To reduce the likelihood of these positive feedback loops and the destruction they cause, the United Nations is calling for nations to collaborate to reach “net-zero” emissions within 30 years. This means no more fossil fuels investments, which are the most human-caused contributors worldwide to global warming. It also means no more current usage reductions.

We all know about the resistance. Fossil fuel multinationals and related industries, car manufacturers, big investment firms, governments in fossil-fuel-rich regions like Alberta, families who make their living in these businesses, right down to businesses and homeowners who use fossil fuels for heating and transportation—these are aligned to prevent or delay the needed infrastructure changes.
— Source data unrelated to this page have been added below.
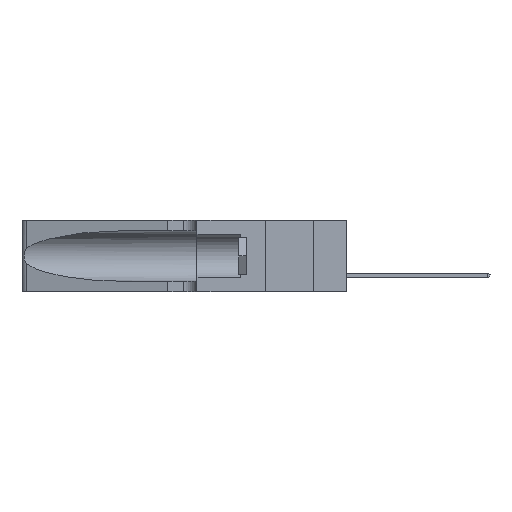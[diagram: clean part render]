
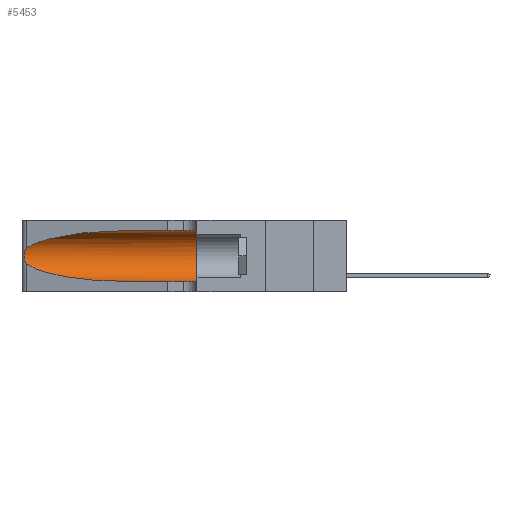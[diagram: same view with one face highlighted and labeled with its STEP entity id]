
A CAD part, left-side view. The second image highlights one B-rep face of the part: STEP entity #5453.
In plain terms, the highlighted cylindrical face has radius 3.308 mm (diameter 6.617 mm), a partial arc.
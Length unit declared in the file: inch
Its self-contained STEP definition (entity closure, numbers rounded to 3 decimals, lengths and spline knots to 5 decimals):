
#848 = AXIS2_PLACEMENT_3D ( 'NONE', #15844, #43714, #22980 ) ;
#1934 = EDGE_CURVE ( 'NONE', #41519, #6140, #3327, .T. ) ;
#3056 = CARTESIAN_POINT ( 'NONE',  ( 0.26075, 1.23896, 0.178 ) ) ;
#3184 = CARTESIAN_POINT ( 'NONE',  ( 0.2373, 1.15595, 0.28018 ) ) ;
#3327 = LINE ( 'NONE', #36885, #6585 ) ;
#3918 = EDGE_CURVE ( 'NONE', #9504, #15870, #6967, .T. ) ;
#5453 = ADVANCED_FACE ( 'NONE', ( #23920 ), #6587, .F. ) ;
#6140 = VERTEX_POINT ( 'NONE', #12978 ) ;
#6374 = CARTESIAN_POINT ( 'NONE',  ( 0.25639, 1.23184, 0.21858 ) ) ;
#6516 = CARTESIAN_POINT ( 'NONE',  ( 0.25856, 1.23593, 0.16098 ) ) ;
#6585 = VECTOR ( 'NONE', #16096, 39.37008 ) ;
#6587 = CYLINDRICAL_SURFACE ( 'NONE', #38188, 0.13025 ) ;
#6967 =( BOUNDED_CURVE ( )  B_SPLINE_CURVE ( 3, ( #21219, #7308, #10955, #13873 ),
 .UNSPECIFIED., .F., .F. ) 
 B_SPLINE_CURVE_WITH_KNOTS ( ( 4, 4 ),
 ( 3.44316, 4.71239 ),
 .UNSPECIFIED. ) 
 CURVE ( )  GEOMETRIC_REPRESENTATION_ITEM ( )  RATIONAL_B_SPLINE_CURVE ( ( 1., 0.87, 0.87, 1. ) ) 
 REPRESENTATION_ITEM ( '' )  );
#7308 = CARTESIAN_POINT ( 'NONE',  ( 0.2373, 1.15595, 0.08982 ) ) ;
#7326 = ORIENTED_EDGE ( 'NONE', *, *, #34323, .T. ) ;
#9302 = EDGE_CURVE ( 'NONE', #6140, #21178, #18618, .T. ) ;
#9504 = VERTEX_POINT ( 'NONE', #29677 ) ;
#9743 = CARTESIAN_POINT ( 'NONE',  ( 0.25487, 1.22718, 0.22369 ) ) ;
#9882 = CARTESIAN_POINT ( 'NONE',  ( 0.1305, 0.72297, 0.31525 ) ) ;
#10955 = CARTESIAN_POINT ( 'NONE',  ( 0.18966, 0.96281, 0.05475 ) ) ;
#11128 = B_SPLINE_CURVE_WITH_KNOTS ( 'NONE', 3,
 ( #30806, #40784, #6374, #16837, #41069, #20306, #23778, #3056, #27274, #6516, #37009, #38330, #24499, #27710 ),
 .UNSPECIFIED., .F., .F.,
 ( 4, 2, 2, 2, 2, 2, 4 ),
 ( 0., 0.00027, 0.00053, 0.00107, 0.0016, 0.00187, 0.00214 ),
 .UNSPECIFIED. ) ;
#12978 = CARTESIAN_POINT ( 'NONE',  ( 0.1305, 0.35, 0.31525 ) ) ;
#13873 = CARTESIAN_POINT ( 'NONE',  ( 0.1305, 0.72297, 0.05475 ) ) ;
#14349 = EDGE_CURVE ( 'NONE', #34074, #9504, #11128, .T. ) ;
#14648 = VECTOR ( 'NONE', #21375, 39.37008 ) ;
#14829 = CARTESIAN_POINT ( 'NONE',  ( 0.1305, 0.72297, 0.31525 ) ) ;
#15844 = CARTESIAN_POINT ( 'NONE',  ( 0.1305, 0.35, 0.185 ) ) ;
#15870 = VERTEX_POINT ( 'NONE', #23713 ) ;
#16096 = DIRECTION ( 'NONE',  ( 0., -1., 0. ) ) ;
#16837 = CARTESIAN_POINT ( 'NONE',  ( 0.25787, 1.23484, 0.2124 ) ) ;
#18618 = CIRCLE ( 'NONE', #848, 0.13025 ) ;
#20306 = CARTESIAN_POINT ( 'NONE',  ( 0.26018, 1.23835, 0.19895 ) ) ;
#21178 = VERTEX_POINT ( 'NONE', #28223 ) ;
#21219 = CARTESIAN_POINT ( 'NONE',  ( 0.25487, 1.22718, 0.14631 ) ) ;
#21375 = DIRECTION ( 'NONE',  ( 0., -1., 0. ) ) ;
#22980 = DIRECTION ( 'NONE',  ( 0., 0., 1. ) ) ;
#23713 = CARTESIAN_POINT ( 'NONE',  ( 0.1305, 0.72297, 0.05475 ) ) ;
#23778 = CARTESIAN_POINT ( 'NONE',  ( 0.26075, 1.23896, 0.19203 ) ) ;
#23920 = FACE_OUTER_BOUND ( 'NONE', #41911, .T. ) ;
#23996 = ORIENTED_EDGE ( 'NONE', *, *, #14349, .T. ) ;
#24499 = CARTESIAN_POINT ( 'NONE',  ( 0.25555, 1.22993, 0.14849 ) ) ;
#26345 = ORIENTED_EDGE ( 'NONE', *, *, #32036, .T. ) ;
#27274 = CARTESIAN_POINT ( 'NONE',  ( 0.26017, 1.23833, 0.17102 ) ) ;
#27710 = CARTESIAN_POINT ( 'NONE',  ( 0.25487, 1.22718, 0.14631 ) ) ;
#28223 = CARTESIAN_POINT ( 'NONE',  ( 0.1305, 0.35, 0.05475 ) ) ;
#29677 = CARTESIAN_POINT ( 'NONE',  ( 0.25487, 1.22718, 0.14631 ) ) ;
#30806 = CARTESIAN_POINT ( 'NONE',  ( 0.25487, 1.22718, 0.22369 ) ) ;
#30969 = CARTESIAN_POINT ( 'NONE',  ( 0.1305, 1.61858, 0.185 ) ) ;
#31807 = DIRECTION ( 'NONE',  ( 0., 0., -1. ) ) ;
#32036 = EDGE_CURVE ( 'NONE', #15870, #21178, #43433, .T. ) ;
#32326 = CARTESIAN_POINT ( 'NONE',  ( 0.1305, 1.61858, 0.05475 ) ) ;
#33994 = CARTESIAN_POINT ( 'NONE',  ( 0.18966, 0.96281, 0.31525 ) ) ;
#34074 = VERTEX_POINT ( 'NONE', #36733 ) ;
#34185 = ORIENTED_EDGE ( 'NONE', *, *, #9302, .F. ) ;
#34323 = EDGE_CURVE ( 'NONE', #41519, #34074, #36724, .T. ) ;
#36724 =( BOUNDED_CURVE ( )  B_SPLINE_CURVE ( 3, ( #9882, #33994, #3184, #9743 ),
 .UNSPECIFIED., .F., .T. ) 
 B_SPLINE_CURVE_WITH_KNOTS ( ( 4, 4 ),
 ( 1.5708, 2.84003 ),
 .UNSPECIFIED. ) 
 CURVE ( )  GEOMETRIC_REPRESENTATION_ITEM ( )  RATIONAL_B_SPLINE_CURVE ( ( 1., 0.87, 0.87, 1. ) ) 
 REPRESENTATION_ITEM ( '' )  );
#36733 = CARTESIAN_POINT ( 'NONE',  ( 0.25487, 1.22718, 0.22369 ) ) ;
#36885 = CARTESIAN_POINT ( 'NONE',  ( 0.1305, 1.61858, 0.31525 ) ) ;
#37009 = CARTESIAN_POINT ( 'NONE',  ( 0.25789, 1.23486, 0.15765 ) ) ;
#38188 = AXIS2_PLACEMENT_3D ( 'NONE', #30969, #39377, #31807 ) ;
#38330 = CARTESIAN_POINT ( 'NONE',  ( 0.25639, 1.23186, 0.15144 ) ) ;
#39377 = DIRECTION ( 'NONE',  ( 0., -1., 0. ) ) ;
#39683 = ORIENTED_EDGE ( 'NONE', *, *, #3918, .T. ) ;
#40784 = CARTESIAN_POINT ( 'NONE',  ( 0.25555, 1.22994, 0.2215 ) ) ;
#41069 = CARTESIAN_POINT ( 'NONE',  ( 0.25854, 1.2359, 0.20912 ) ) ;
#41519 = VERTEX_POINT ( 'NONE', #14829 ) ;
#41911 = EDGE_LOOP ( 'NONE', ( #7326, #23996, #39683, #26345, #34185, #42781 ) ) ;
#42781 = ORIENTED_EDGE ( 'NONE', *, *, #1934, .F. ) ;
#43433 = LINE ( 'NONE', #32326, #14648 ) ;
#43714 = DIRECTION ( 'NONE',  ( 0., 1., 0. ) ) ;
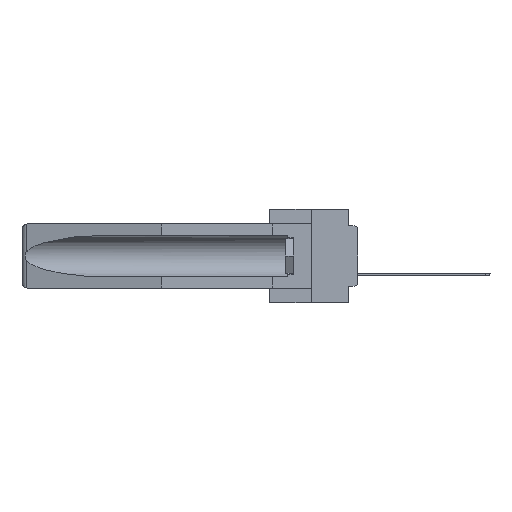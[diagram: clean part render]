
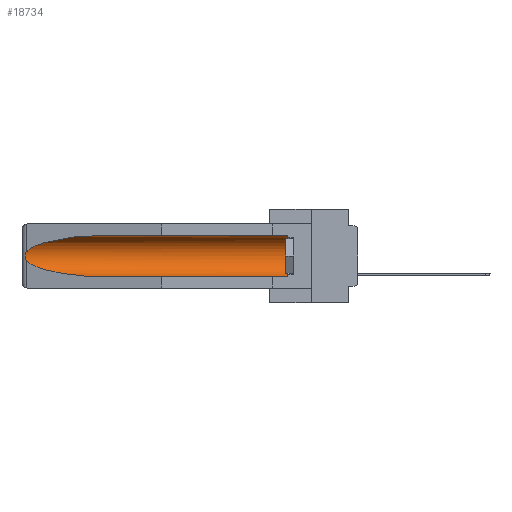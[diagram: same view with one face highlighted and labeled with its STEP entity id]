
A CAD part, left-side view. The second image highlights one B-rep face of the part: STEP entity #18734.
In plain terms, the highlighted cylindrical face has radius 2.857 mm (diameter 5.715 mm), a partial arc.
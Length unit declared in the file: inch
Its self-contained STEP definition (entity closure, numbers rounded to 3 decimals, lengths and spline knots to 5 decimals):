
#203 = ORIENTED_EDGE ( 'NONE', *, *, #10177, .T. ) ;
#552 = CARTESIAN_POINT ( 'NONE',  ( 0.155, -0.30754, -0.284 ) ) ;
#775 = EDGE_CURVE ( 'NONE', #7772, #11285, #14142, .T. ) ;
#809 = VERTEX_POINT ( 'NONE', #27745 ) ;
#842 = CARTESIAN_POINT ( 'NONE',  ( 0.155, 1.07973, -0.059 ) ) ;
#913 = ORIENTED_EDGE ( 'NONE', *, *, #3695, .T. ) ;
#1264 = CARTESIAN_POINT ( 'NONE',  ( 0.21114, 1.30732, -0.059 ) ) ;
#1363 = CARTESIAN_POINT ( 'NONE',  ( 0.26537, 1.52718, -0.14972 ) ) ;
#1653 = CARTESIAN_POINT ( 'NONE',  ( 0.155, 1.07973, -0.284 ) ) ;
#1898 = DIRECTION ( 'NONE',  ( 0., 0., 1. ) ) ;
#2504 = DIRECTION ( 'NONE',  ( 0., 1., 0. ) ) ;
#2609 = DIRECTION ( 'NONE',  ( 0., 0., 1. ) ) ;
#2692 = VECTOR ( 'NONE', #17512, 39.37008 ) ;
#3105 = VECTOR ( 'NONE', #18556, 39.37008 ) ;
#3390 = CARTESIAN_POINT ( 'NONE',  ( 0.25451, 1.48313, -0.09465 ) ) ;
#3695 = EDGE_CURVE ( 'NONE', #809, #18004, #26170, .T. ) ;
#3816 = CARTESIAN_POINT ( 'NONE',  ( 0.26537, 1.52718, -0.19328 ) ) ;
#5154 = CARTESIAN_POINT ( 'NONE',  ( 0.26537, 1.52718, -0.19328 ) ) ;
#5853 = CYLINDRICAL_SURFACE ( 'NONE', #22236, 0.1125 ) ;
#6506 = CARTESIAN_POINT ( 'NONE',  ( 0.25451, 1.48313, -0.24835 ) ) ;
#6701 = B_SPLINE_CURVE_WITH_KNOTS ( 'NONE', 3,
 ( #14989, #29968, #22424, #10199, #12728, #10304, #7739, #17703, #27379, #5154 ),
 .UNSPECIFIED., .F., .F.,
 ( 4, 2, 2, 2, 4 ),
 ( 0., 0.00029, 0.00058, 0.00087, 0.00117 ),
 .UNSPECIFIED. ) ;
#6813 = CARTESIAN_POINT ( 'NONE',  ( 0.21114, 1.30732, -0.284 ) ) ;
#7739 = CARTESIAN_POINT ( 'NONE',  ( 0.2673, 1.53269, -0.17917 ) ) ;
#7772 = VERTEX_POINT ( 'NONE', #3816 ) ;
#10177 = EDGE_CURVE ( 'NONE', #18004, #21642, #20439, .T. ) ;
#10199 = CARTESIAN_POINT ( 'NONE',  ( 0.2673, 1.5327, -0.16383 ) ) ;
#10304 = CARTESIAN_POINT ( 'NONE',  ( 0.2675, 1.53308, -0.17534 ) ) ;
#11285 = VERTEX_POINT ( 'NONE', #27444 ) ;
#11665 = CARTESIAN_POINT ( 'NONE',  ( 0.155, 0.126, -0.1715 ) ) ;
#12269 = CARTESIAN_POINT ( 'NONE',  ( 0.155, -0.30754, -0.1715 ) ) ;
#12728 = CARTESIAN_POINT ( 'NONE',  ( 0.2675, 1.53308, -0.16763 ) ) ;
#13132 = CARTESIAN_POINT ( 'NONE',  ( 0.26537, 1.52718, -0.14972 ) ) ;
#13391 = ORIENTED_EDGE ( 'NONE', *, *, #22585, .F. ) ;
#14100 = ORIENTED_EDGE ( 'NONE', *, *, #775, .T. ) ;
#14142 =( BOUNDED_CURVE ( )  B_SPLINE_CURVE ( 3, ( #16227, #6506, #6813, #1653 ),
 .UNSPECIFIED., .F., .F. ) 
 B_SPLINE_CURVE_WITH_KNOTS ( ( 4, 4 ),
 ( 0.1948, 1.5708 ),
 .UNSPECIFIED. ) 
 CURVE ( )  GEOMETRIC_REPRESENTATION_ITEM ( )  RATIONAL_B_SPLINE_CURVE ( ( 1., 0.848, 0.848, 1. ) ) 
 REPRESENTATION_ITEM ( '' )  );
#14865 = EDGE_LOOP ( 'NONE', ( #203, #20266, #14100, #13391, #26377, #913 ) ) ;
#14989 = CARTESIAN_POINT ( 'NONE',  ( 0.26537, 1.52718, -0.14972 ) ) ;
#16227 = CARTESIAN_POINT ( 'NONE',  ( 0.26537, 1.52718, -0.19328 ) ) ;
#17512 = DIRECTION ( 'NONE',  ( 0., 1., 0. ) ) ;
#17703 = CARTESIAN_POINT ( 'NONE',  ( 0.26655, 1.53094, -0.18657 ) ) ;
#18004 = VERTEX_POINT ( 'NONE', #842 ) ;
#18556 = DIRECTION ( 'NONE',  ( 0., 1., 0. ) ) ;
#18734 = ADVANCED_FACE ( 'NONE', ( #26225 ), #5853, .F. ) ;
#19360 = EDGE_CURVE ( 'NONE', #21642, #7772, #6701, .T. ) ;
#19392 = AXIS2_PLACEMENT_3D ( 'NONE', #11665, #28670, #1898 ) ;
#19782 = EDGE_CURVE ( 'NONE', #28392, #809, #30384, .T. ) ;
#20266 = ORIENTED_EDGE ( 'NONE', *, *, #19360, .T. ) ;
#20439 =( BOUNDED_CURVE ( )  B_SPLINE_CURVE ( 3, ( #30702, #1264, #3390, #13132 ),
 .UNSPECIFIED., .F., .F. ) 
 B_SPLINE_CURVE_WITH_KNOTS ( ( 4, 4 ),
 ( 4.71239, 6.08839 ),
 .UNSPECIFIED. ) 
 CURVE ( )  GEOMETRIC_REPRESENTATION_ITEM ( )  RATIONAL_B_SPLINE_CURVE ( ( 1., 0.848, 0.848, 1. ) ) 
 REPRESENTATION_ITEM ( '' )  );
#21642 = VERTEX_POINT ( 'NONE', #1363 ) ;
#22236 = AXIS2_PLACEMENT_3D ( 'NONE', #12269, #2504, #2609 ) ;
#22424 = CARTESIAN_POINT ( 'NONE',  ( 0.26654, 1.53092, -0.15636 ) ) ;
#22585 = EDGE_CURVE ( 'NONE', #28392, #11285, #27302, .T. ) ;
#26170 = LINE ( 'NONE', #30797, #3105 ) ;
#26225 = FACE_OUTER_BOUND ( 'NONE', #14865, .T. ) ;
#26377 = ORIENTED_EDGE ( 'NONE', *, *, #19782, .T. ) ;
#27302 = LINE ( 'NONE', #552, #2692 ) ;
#27379 = CARTESIAN_POINT ( 'NONE',  ( 0.26597, 1.5296, -0.19026 ) ) ;
#27444 = CARTESIAN_POINT ( 'NONE',  ( 0.155, 1.07973, -0.284 ) ) ;
#27745 = CARTESIAN_POINT ( 'NONE',  ( 0.155, 0.126, -0.059 ) ) ;
#28392 = VERTEX_POINT ( 'NONE', #28880 ) ;
#28670 = DIRECTION ( 'NONE',  ( 0., -1., 0. ) ) ;
#28880 = CARTESIAN_POINT ( 'NONE',  ( 0.155, 0.126, -0.284 ) ) ;
#29968 = CARTESIAN_POINT ( 'NONE',  ( 0.26597, 1.52961, -0.15275 ) ) ;
#30384 = CIRCLE ( 'NONE', #19392, 0.1125 ) ;
#30702 = CARTESIAN_POINT ( 'NONE',  ( 0.155, 1.07973, -0.059 ) ) ;
#30797 = CARTESIAN_POINT ( 'NONE',  ( 0.155, -0.30754, -0.059 ) ) ;

The furor in Canada over the carbon-tax-and-rebate, otherwise known as cash-back carbon pricing, is just one example of the resistance to the necessary changes in our infrastructure. Cash-back carbon pricing rebates to taxpayers amount to 90 percent of the “tax” revenue, and people who use less oil and gas actually benefit. Wealthy people tend to use more oil than lower-income people. They pay higher carbon taxes, but get the same amount as everyone else. So if you’re “for the people”, please get behind cash-back carbon pricing.

The conference on the climate crisis in Glasgow from October 31 to November 12 will test the ability of the nations on this planet to collaborate to avoid the worst—the collapse of life on earth as we know it. Is the conference just another exercise in niceties, with countries playing sleight-of-hand to look good? Or will this be the turning-point that sparks a dramatic drop in greenhouse gas emissions?